Each line from the first entry to the line with "from ezdxf.enums import", both included, is to be returned unchanged, with any pictures dropped.

Data under study START

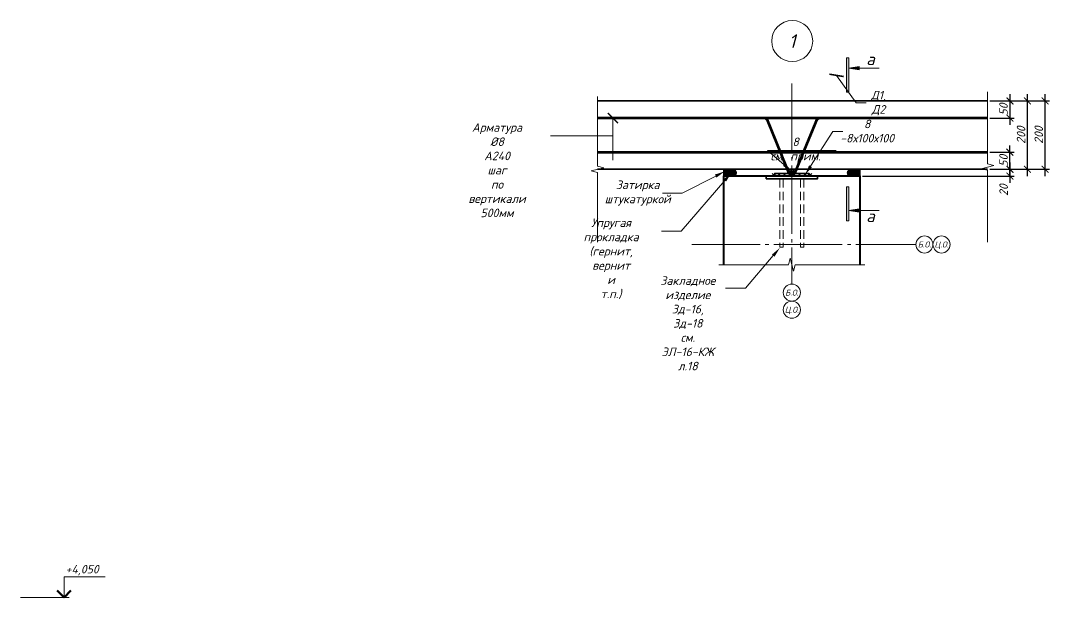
# Model space of a CAD drawing. Header units: millimetres. Extents: x -1807136 to 209800, y 0 to 410608.
# Drawn here: x 24615 to 27623, y 33299 to 34987 of the extents above; entities that cross this region are included whole.
import ezdxf
from ezdxf import colors
from ezdxf.entities.mleader import LeaderData, LeaderLine
from ezdxf.enums import TextEntityAlignment as Align
from ezdxf.math import Vec2, Vec3

# ---------------------------------------------------------------- set-up
doc = ezdxf.new("R2010")
doc.units = ezdxf.units.MM
doc.header["$PDMODE"] = 3
doc.linetypes.add('DASHED2', pattern=[0.375, 0.25, -0.125])
doc.linetypes.add('GOST2.303 5', pattern=[24, 20, -1.5, 1, -1.5])
doc.layers.get('0').update_dxf_attribs({"lineweight": 5})
doc.layers.get('Defpoints').update_dxf_attribs({"lineweight": 0})
for name, color, linetype, lineweight in [('!!!Металл разрез', 7, 'Continuous', 35), ('#Cварка', 96, 'Continuous', 30), ('#Dimensions', 7, 'Continuous', 9), ('#Арматура', 152, 'Continuous', 30), ('#Бетон разрез', 22, 'Continuous', 40), ('#Выноски', 7, 'Continuous', 15), ('#Газобетон', 152, 'Continuous', 35), ('#Границы штриховок', 7, 'Continuous', 20), ('#Оси', 7, 'Continuous', 9), ('#разм', 7, 'Continuous', 9), ('A-okno', 7, 'Continuous', 0), ('k_ Размеры', 7, 'Continuous', 15)]:
    doc.layers.add(name, color=color, linetype=linetype, lineweight=lineweight)
doc.layers.add('#Hatch', color=252, linetype='Continuous', lineweight=5, true_color=0x696969)
doc.layers.add('#Арматура вид_2', color=7, linetype='Continuous', lineweight=35, true_color=0x616161)
doc.styles.add('GOST 2.304', font='isocpeui.ttf')
doc.styles.get("Standard").update_dxf_attribs({"font": 'arial.ttf'})
doc.styles.add('STEP PR', font='isocpeui.ttf')
doc.dimstyles.new('SPDS', dxfattribs={"dimscale": 10, "dimtxt": 2.5, "dimasz": 2, "dimexe": 1.25, "dimexo": 0.625, "dimtad": 1, "dimdec": 0, "dimrnd": 0.001, "dimtxsty": 'STEP PR', "dimblk": 'ARCHTICK', "dimcen": 2.5, "dimdle": 2, "dimclrd": 256, "dimclre": 256, "dimclrt": 7, "dimadec": 0, "dimazin": 2, "dimtfac": 0.75, "dimtdec": 0, "dimtmove": 1, "dimatfit": 3, "dimfxl": 1, "dimtolj": 1, "dimarcsym": 1})
pattern_1 = [(37.5, (7688.913, 2869.9263), (-0.08000156, 2.44706619), [0, -1.9304, 0, -2.159, 0, -2.06375]), (7.5, (7688.913, 2869.9263), (2.24761642, 3.5841255), [0, -1.0414, 0, -1.7399, 0, -0.66675]), (327.5, (7687.3509, 2869.9263), (3.95496185, 0.00718592), [0, -0.635, 0, -2.286, 0, -2.9845]), (317.5, (7687.351, 2869.9263), (3.81778226, 1.11464662), [0, -0.3175, 0, -1.4986, 0, -1.7145])]
pattern_2 = [(45, (7692.1996, 2869.9263), (-1.122532015, 1.122532015), []), (135, (7692.1996, 2869.9263), (-1.122532015, -1.122532015), [])]

# ---------------------------------------------------------------- blocks, each defined once
blk = doc.blocks.new('*U247')
at = {"color": 0, "linetype": 'ByBlock', "lineweight": -2}
for p, q in [((13.58, 0), (13.9, 1.25)), ((13.9, 1.25), (14.52, -1.25)), ((13.58, 0), (0, 0)), ((14.52, -1.25), (14.83, 0)), ((28.42, 0), (14.83, 0))]:
    blk.add_line(p, q, dxfattribs=at)
blk = doc.blocks.new('*U246')
at = {"color": 0, "linetype": 'ByBlock', "lineweight": -2}
for p, q in [((14.02, 0), (14.33, 1.25)), ((14.33, 1.25), (14.96, -1.25)), ((14.02, 0), (0, 0)), ((14.96, -1.25), (15.27, 0)), ((29.29, 0), (15.27, 0))]:
    blk.add_line(p, q, dxfattribs=at)
blk = doc.blocks.new('*U248')
at = {"layer": '#Арматура', "lineweight": 0}
h = blk.add_hatch(dxfattribs=at)
h.set_pattern_fill('ANSI31', scale=1.2)
edge = h.paths.add_edge_path()
edge.add_arc((0, 6), 6, 0, 360)
blk.add_circle((0, 6), 6)
blk = doc.blocks.new('_ArchTick')
at = {"color": 0, "linetype": 'ByBlock', "const_width": 0.15}
blk.add_lwpolyline([(-0.5, -0.5), (0.5, 0.5)], dxfattribs=at)
blk = doc.blocks.new('*D272')
at = {"layer": 'Defpoints', "color": 0, "transparency": 16777216}
for p in [(27442.6, 34752.1), (27610.9, 34752.1), (27442.6, 34552.1)]:
    blk.add_point(p, dxfattribs=at)
at = {"layer": 'k_ Размеры', "lineweight": -2, "transparency": 16777216}
for p, q in [((27610.9, 34532.1), (27610.9, 34772.1)), ((27448.8, 34752.1), (27623.4, 34752.1)), ((27448.8, 34552.1), (27623.4, 34552.1))]:
    blk.add_line(p, q, dxfattribs=at)
at = {"layer": 'k_ Размеры', "lineweight": -2, "transparency": 16777216, "xscale": 20, "yscale": 20, "zscale": 20}
for p, rotation in [((27610.9, 34752.1), 90), ((27610.9, 34552.1), 270)]:
    blk.add_blockref('_ArchTick', p, dxfattribs=dict(at, rotation=rotation))
at = {"layer": 'k_ Размеры', "color": 7, "transparency": 16777216, "insert": (27592.2, 34652.1), "char_height": 25, "attachment_point": 5, "rotation": 90, "style": 'STEP PR'}
blk.add_mtext('\\A1;200', dxfattribs=at)
blk = doc.blocks.new('*D273')
at = {"layer": 'Defpoints', "color": 0, "transparency": 16777216}
for p in [(27442.6, 34752.1), (27559.2, 34752.1), (27442.6, 34552.1)]:
    blk.add_point(p, dxfattribs=at)
at = {"layer": 'k_ Размеры', "lineweight": -2, "transparency": 16777216}
for p, q in [((27559.2, 34532.1), (27559.2, 34772.1)), ((27448.8, 34752.1), (27571.7, 34752.1)), ((27448.8, 34552.1), (27571.7, 34552.1))]:
    blk.add_line(p, q, dxfattribs=at)
at = {"layer": 'k_ Размеры', "lineweight": -2, "transparency": 16777216, "xscale": 20, "yscale": 20, "zscale": 20}
for p, rotation in [((27559.2, 34752.1), 90), ((27559.2, 34552.1), 270)]:
    blk.add_blockref('_ArchTick', p, dxfattribs=dict(at, rotation=rotation))
at = {"layer": 'k_ Размеры', "color": 7, "transparency": 16777216, "insert": (27540.4, 34652.1), "char_height": 25, "attachment_point": 5, "rotation": 90, "style": 'STEP PR'}
blk.add_mtext('\\A1;200', dxfattribs=at)
blk = doc.blocks.new('*U251')
at = {"color": 0, "linetype": 'ByBlock', "lineweight": -2}
for p, q in [((13.58, 0), (13.9, 1.25)), ((13.9, 1.25), (14.52, -1.25)), ((13.58, 0), (0, 0)), ((14.52, -1.25), (14.83, 0)), ((28.42, 0), (14.83, 0))]:
    blk.add_line(p, q, dxfattribs=at)
blk = doc.blocks.new('*D274')
at = {"layer": 'Defpoints', "color": 0, "transparency": 16777216}
for p in [(27442.6, 34602.1), (27507.9, 34602.1), (27442.6, 34552.1)]:
    blk.add_point(p, dxfattribs=at)
at = {"layer": 'k_ Размеры', "lineweight": -2, "transparency": 16777216}
for p, q in [((27507.9, 34532.1), (27507.9, 34622.1)), ((27448.8, 34602.1), (27520.4, 34602.1)), ((27448.8, 34552.1), (27520.4, 34552.1))]:
    blk.add_line(p, q, dxfattribs=at)
at = {"layer": 'k_ Размеры', "lineweight": -2, "transparency": 16777216, "xscale": 20, "yscale": 20, "zscale": 20}
for p, rotation in [((27507.9, 34602.1), 90), ((27507.9, 34552.1), 270)]:
    blk.add_blockref('_ArchTick', p, dxfattribs=dict(at, rotation=rotation))
at = {"layer": 'k_ Размеры', "color": 7, "transparency": 16777216, "insert": (27489.2, 34577.1), "char_height": 25, "attachment_point": 5, "rotation": 90, "style": 'STEP PR'}
blk.add_mtext('\\A1;50', dxfattribs=at)
blk = doc.blocks.new('*D275')
at = {"layer": 'Defpoints', "color": 0, "transparency": 16777216}
for p in [(27442.6, 34752.1), (27442.6, 34702.1), (27507.9, 34702.1)]:
    blk.add_point(p, dxfattribs=at)
at = {"layer": 'k_ Размеры', "lineweight": -2, "transparency": 16777216}
for p, q in [((27507.9, 34772.1), (27507.9, 34682.1)), ((27448.8, 34752.1), (27520.4, 34752.1)), ((27448.8, 34702.1), (27520.4, 34702.1))]:
    blk.add_line(p, q, dxfattribs=at)
at = {"layer": 'k_ Размеры', "lineweight": -2, "transparency": 16777216, "xscale": 20, "yscale": 20, "zscale": 20}
for p, rotation in [((27507.9, 34752.1), 90), ((27507.9, 34702.1), 270)]:
    blk.add_blockref('_ArchTick', p, dxfattribs=dict(at, rotation=rotation))
at = {"layer": 'k_ Размеры', "color": 7, "transparency": 16777216, "insert": (27489.2, 34727.1), "char_height": 25, "attachment_point": 5, "rotation": 90, "style": 'STEP PR'}
blk.add_mtext('\\A1;50', dxfattribs=at)
blk = doc.blocks.new('*D276')
at = {"layer": 'Defpoints', "color": 0, "transparency": 16777216}
for p in [(27442.6, 34552.1), (27070.1, 34532.1), (27507.9, 34532.1)]:
    blk.add_point(p, dxfattribs=at)
at = {"layer": 'k_ Размеры', "lineweight": -2, "transparency": 16777216}
for p, q in [((27448.8, 34552.1), (27520.4, 34552.1)), ((27507.9, 34572.1), (27507.9, 34512.1)), ((27076.4, 34532.1), (27520.4, 34532.1))]:
    blk.add_line(p, q, dxfattribs=at)
at = {"layer": 'k_ Размеры', "lineweight": -2, "transparency": 16777216, "xscale": 20, "yscale": 20, "zscale": 20}
for p, rotation in [((27507.9, 34552.1), 90), ((27507.9, 34532.1), 270)]:
    blk.add_blockref('_ArchTick', p, dxfattribs=dict(at, rotation=rotation))
at = {"layer": 'k_ Размеры', "color": 7, "transparency": 16777216, "insert": (27489.5, 34491.1), "char_height": 25, "attachment_point": 5, "rotation": 90, "style": 'STEP PR'}
blk.add_mtext('\\A1;20', dxfattribs=at)
blk = doc.blocks.new('*U255')
for p, q in [((-0.5, 0.5), (0.5, -0.5)), ((0.5, 0.5), (-0.5, -0.5)), ((1.5, 0.5), (2.5, -0.5)), ((2.5, 0.5), (1.5, -0.5)), ((3.5, 0.5), (4.5, -0.5)), ((4.5, 0.5), (3.5, -0.5))]:
    blk.add_line(p, q)
blk = doc.blocks.new('_None')
blk = doc.blocks.new('*U265')
at = {"color": 0, "linetype": 'ByBlock', "lineweight": -2}
blk.add_circle((0, 0), 6, dxfattribs=at)
blk.add_attdef('Узел', text='', height=4, dxfattribs=at).set_placement((0, 0), align=Align.MIDDLE_CENTER)
blk = doc.blocks.new('*U267')
at = {"linetype": 'ByBlock', "ltscale": 100}
h = blk.add_hatch(color=256, dxfattribs=at)
h.dxf.hatch_style = 1
h.paths.add_polyline_path([(35, 1000), (-35, 1000), (-35, 0), (35, 0)])
h = blk.add_hatch(color=256, dxfattribs=at)
h.dxf.hatch_style = 1
h.paths.add_polyline_path([(335, 750), (335, 700), (335, 650), (35, 700)])
for p, q in [((-35, 1000), (35, 1000)), ((-35, 0), (-35, 1000)), ((35, 1000), (35, 0)), ((35, 700), (335, 750)), ((35, 700), (335, 650)), ((335, 750), (335, 700)), ((335, 650), (335, 700)), ((35, 0), (-35, 0))]:
    blk.add_line(p, q, dxfattribs=at)
at = {"linetype": 'ByBlock', "ltscale": 100, "extrusion": (0, 1, 0), "elevation": 700}
blk.add_lwpolyline([(-925, 0), (-335, 0)], dxfattribs=at)
at = {"ltscale": 100, "style": 'STEP PR'}
blk.add_attdef('Nv', text='', height=350, dxfattribs=at).set_placement((781, 790), align=Align.RIGHT)
blk = doc.blocks.new('*U268')
at = {"linetype": 'ByBlock', "ltscale": 100}
h = blk.add_hatch(color=256, dxfattribs=at)
h.dxf.hatch_style = 1
h.paths.add_polyline_path([(35, 0), (-35, 0), (-35, -1000), (35, -1000)])
h = blk.add_hatch(color=256, dxfattribs=at)
h.dxf.hatch_style = 1
h.paths.add_polyline_path([(335, -750), (335, -700), (335, -650), (35, -700)])
for p, q in [((35, 0), (-35, 0)), ((-35, 0), (-35, -1000)), ((35, -1000), (35, 0)), ((35, -700), (335, -650)), ((35, -700), (335, -750)), ((335, -650), (335, -700)), ((335, -750), (335, -700)), ((-35, -1000), (35, -1000))]:
    blk.add_line(p, q, dxfattribs=at)
at = {"linetype": 'ByBlock', "ltscale": 100, "extrusion": (0, -1, 0), "elevation": 700}
blk.add_lwpolyline([(925, 0), (335, 0)], dxfattribs=at)
at = {"ltscale": 100, "style": 'STEP PR'}
blk.add_attdef('Nv', text='', height=350, dxfattribs=at).set_placement((781, -1140), align=Align.RIGHT)
blk = doc.blocks.new('*U97')
at = {"layer": '#разм', "ltscale": 100, "elevation": 0}
for points in [[(4577173, -920400), (4578375, -920400)], [(4577173, -921000), (4577173, -920400)], [(4575899, -921000), (4577323, -921000)]]:
    blk.add_lwpolyline(points, dxfattribs=at)
at = {"layer": 'A-okno', "color": 0, "lineweight": 50, "ltscale": 100, "elevation": 0}
for points in [[(4577173, -921000), (4576973, -920800)], [(4577173, -921000), (4577373, -920800)]]:
    blk.add_lwpolyline(points, dxfattribs=at)
at = {"layer": '#разм', "style": 'STEP PR'}
for tag, p in [('ОТМЕТКА', (4577216, -920299)), ('ПРИМЕЧАНИЕ', (4577314, -920711))]:
    blk.add_attdef(tag, p, '', height=250, dxfattribs=at)

msp = doc.modelspace()

# ---------------------------------------------------------------- hatches: boundary and pattern name
at = {"layer": '#Hatch'}
h = msp.add_hatch(dxfattribs=at)
h.set_pattern_fill('AR-SAND', color=256, scale=0.05)
h.set_pattern_definition(pattern_1)
edge = h.paths.add_edge_path()
edge.add_line((26670.11944, 34552.07622), (26670.11944, 34532.07622))
edge.add_line((26670.11944, 34532.07622), (26693.58095, 34532.07622))
edge.add_ellipse((26693.58095, 34542.07622), major_axis=(14.57418, 0), ratio=0.6861448396, start_angle=90, end_angle=270, ccw=False)
edge.add_line((26693.58095, 34552.07622), (26670.11944, 34552.07622))
h = msp.add_hatch(dxfattribs=at)
h.set_pattern_fill('ANSI37', color=256, scale=0.5)
h.set_pattern_definition(pattern_2)
edge = h.paths.add_edge_path()
edge.add_ellipse((26693.58095, 34542.07622), major_axis=(14.57418, 0), ratio=0.6861448396, start_angle=0, end_angle=360)
h = msp.add_hatch(dxfattribs=at)
h.set_pattern_fill('ANSI37', color=256, scale=0.5)
h.set_pattern_definition(pattern_2)
edge = h.paths.add_edge_path()
edge.add_ellipse((27046.65794, 34542.07622), major_axis=(-14.57418, 0), ratio=0.6861448396, start_angle=0, end_angle=360, ccw=False)
h = msp.add_hatch(dxfattribs=at)
h.set_pattern_fill('AR-SAND', color=256, scale=0.05)
h.set_pattern_definition(pattern_1)
edge = h.paths.add_edge_path()
edge.add_ellipse((27046.65794, 34542.07622), major_axis=(-14.57418, 0), ratio=0.6861448396, start_angle=90, end_angle=270)
edge.add_line((27046.65794, 34552.07622), (27070.11944, 34552.07622))
edge.add_line((27070.11944, 34552.07622), (27070.11944, 34532.07622))
edge.add_line((27070.11944, 34532.07622), (27046.65794, 34532.07622))

# ---------------------------------------------------------------- linework, layer by layer
at = {"layer": '!!!Металл разрез'}
msp.add_lwpolyline([(26795.11944, 34524.07622), (26795.11944, 34532.07622), (26945.11944, 34532.07622), (26945.11944, 34524.07622)], close=True, dxfattribs=at)
for points in [[(26870.11944, 34540.07622), (26820.11944, 34540.07622), (26820.11944, 34532.07622)], [(26870.11944, 34540.07622), (26920.11944, 34540.07622), (26920.11944, 34532.07622)]]:
    msp.add_lwpolyline(points, dxfattribs=at)
at = {"layer": '#Арматура', "const_width": 8}
for points in [[(26301.78378, 34702.07622), (27442.56672, 34702.07622)], [(26301.78378, 34602.07622), (27442.56672, 34602.07622)]]:
    msp.add_lwpolyline(points, dxfattribs=at)
at = {"layer": '#Арматура вид_2', "const_width": 8}
msp.add_lwpolyline([(27257.64114, 34702.07622), (26951.86997, 34702.07622, 0.3039319964), (26942.623, 34695.88324), (26879.35824, 34542.24939, -0.6681786379), (26860.88065, 34542.24939), (26798.62604, 34695.88324, 0.3039319964), (26789.37906, 34702.07622), (26480.64813, 34702.07622)], format="xyb", dxfattribs=at)
at = {"layer": '#Бетон разрез'}
msp.add_lwpolyline([(27070.11944, 34272.93384), (27070.11944, 34532.07622), (26670.11944, 34532.07622), (26670.11944, 34272.93384)], dxfattribs=at)
at = {"layer": '#Газобетон'}
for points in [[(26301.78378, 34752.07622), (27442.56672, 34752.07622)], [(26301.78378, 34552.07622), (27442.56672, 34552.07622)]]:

Data under study END

◆ **Answer**:
# Model space of a CAD drawing. Header units: millimetres. Extents: x -1807136 to 209800, y 0 to 410608.
# Drawn here: x 24615 to 27623, y 33299 to 34987 of the extents above; entities that cross this region are included whole.
import ezdxf
from ezdxf import colors
from ezdxf.entities.mleader import LeaderData, LeaderLine
from ezdxf.enums import TextEntityAlignment as Align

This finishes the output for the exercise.